A Palazzo San Giorgio la "Giornata di lotta contro la criminalità e per lo sviluppo"

La politica sul banco degli imputati
Veneto: «Preoccupa che nel consiglio regionale ci siano 22 indagati»

C'e' la politica ad ascoltare le famiglie delle vittime della mafia. Ci sono sindaci, rappresentanti dei comuni di mezza provincia e di qualche città siciliana, ci sono consiglieri comunali ed europarlamentari.

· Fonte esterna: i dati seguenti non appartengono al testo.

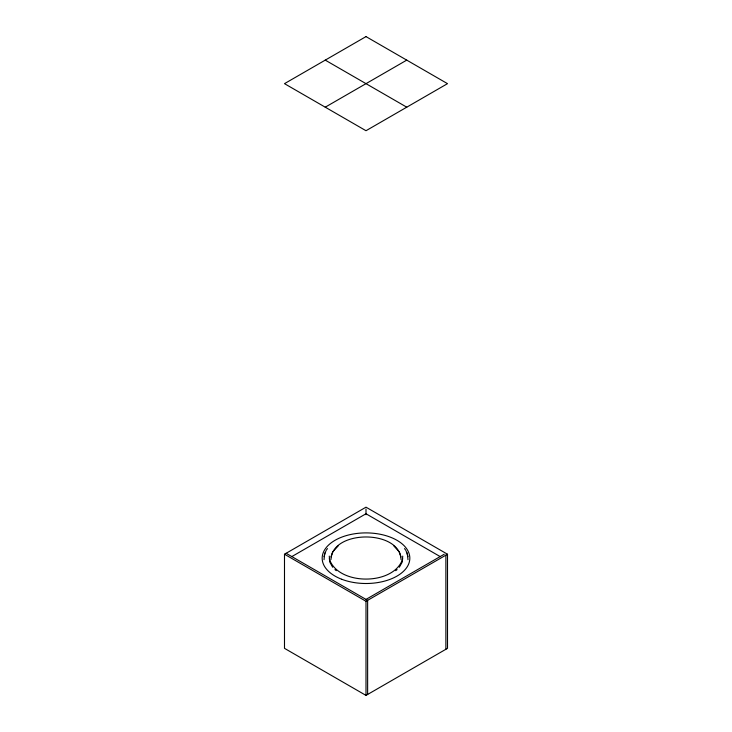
<?xml version="1.0" encoding="UTF-8"?>
<svg xmlns="http://www.w3.org/2000/svg" width="732" height="732" viewBox="0 0 732 732"><rect width="100%" height="100%" fill="white"/><g stroke="black" fill="none" stroke-linecap="round" stroke-linejoin="round"><path stroke-width="1.1" d="M324.679 552.898L324.011 559.724M324.011 556.677L325.987 550.693M331.01 556.933L332.657 551.946L338.129 545.981M402.737 558.781C394.155 585.838 337.845 585.838 329.263 558.781M326.472 549.988L327.451 548.57M399.306 567.245L402.161 562.185L402.737 556.11M395.719 570.667L397.083 569.587M325.246 107.183L406.754 60.125M284.492 554.225L366 507.175L447.508 554.225L447.508 648.342L366 695.4L284.492 648.342L284.492 554.225L366 601.283L447.508 554.225M291.72 556.649L366 513.763L440.28 556.649M366 599.407L444.242 554.225M325.246 60.125L406.754 107.183M286.12 553.291L367.629 600.341L367.629 694.458M393.871 545.981L399.343 551.946L400.99 556.933M334.917 569.587L336.281 570.667M404.549 548.57L405.528 549.988M332.694 567.245L329.839 562.185L329.263 556.11M406.013 550.693L407.989 556.677M407.321 552.898L407.989 559.724M445.88 555.167L445.88 649.284M400.99 559.468C400.02 529.474 331.98 529.474 331.01 559.468M366 509.051L366 514.724M366 601.283L366 695.4M366 36.6L284.492 83.658L366 130.717L447.508 83.658L366 36.6M341.752 579.277A43.819 25.3 0 0 0 409.737 559.788A43.819 25.3 0 0 0 346.51 535.54A43.819 25.3 0 0 0 341.752 579.277"/></g></svg>

Sono in tanti, non tantissimi. Tutti, sotto la lente d'ingrandimento del Comitato per la sicurezza che, ieri mattina a Palazzo San Giorgio, ha tenuto l'ormai tradizionale convegno per la "Giornata di lotta contro la criminalità, l'illegalità e per lo sviluppo socio economico". E' un processo alla politica. «Una politica che deve cominciare a cambiare rotta se vuole ancora essere credibile», dice il presidente del Cids Demetrio Costantino. E i banchi dell'aula del consiglio diventano edicole funerarie, con le madri coraggio ad esporre le foto dei figli ammazzati, a chiedere, ancora una volta, sostegno e giustizia. Chiamati a rispondere, fra gli altri, l'eurodeputato Armando Veneto, il sindaco Giuseppe Scopelliti, il leader socialista Saverio Zavettieri e il presidente della Camera di Commercio Lucio Dattola. Da una parte istituzioni impegnate a confortare, dall'altra vittime anche loro. Chi, come Zavettieri, è stato sparato, chi, come Dattola, ha avuto l'auto bruciata, chi, come Scopelliti, è costretto a camminare sotto scorta. Ma non si tirano indietro, nemmeno quando sul banco degli imputati è la politica a salire. «Dalle liste elettorali devono cominciare a sparire quei candidati che sono solo in odor di illegalità», tuona Armando Veneto.
Che è ancora più diretto: «Se nel consiglio regionale ci sono 22 consiglieri inquisiti non posso che essere preoccupato». Dello stesso tenore le parole del primo cittadino: «Dobbiamo dare risposte per rafforzare lo Stato nel nostro territorio. Non so quanto, oggi, la politica in Calabria possa considerarsi un esempio. C'è gente, in alcune istituzioni, che si caratterizza per atti, scelte, indirizzi incoerenti. Spesso, ho il presentimento che qualcuno stia da una parte e quanlcun altro da un'altra». Il presidente della Camera di commercio, Lucio Dattola, sottolinea «l'inutilità» delle commissioni anti mafia.
«La criminalità organizzata - sostiene - non va più studiata, va repressa. Arriveremo al punto che ci saranno più studiosi di mafia che mafiosi. Adesso bisogna risponedre con i fatti». Fatti che per Dattola si traducono nel «mettere la magistratura e le forze dell'ordine nelle migliori condizioni per potere agire».
«Non è possibile - afferma - che il sindacato di polizia denunci che non ci sono i soldi per la benzina o per fare le fotocopie. La politica deve rispondere e, soprattutto a livello romano, deve dettare regole precise e chiare». Dimostrare, insomma, «la volontà di volere sconfiggere la 'ndrangheta».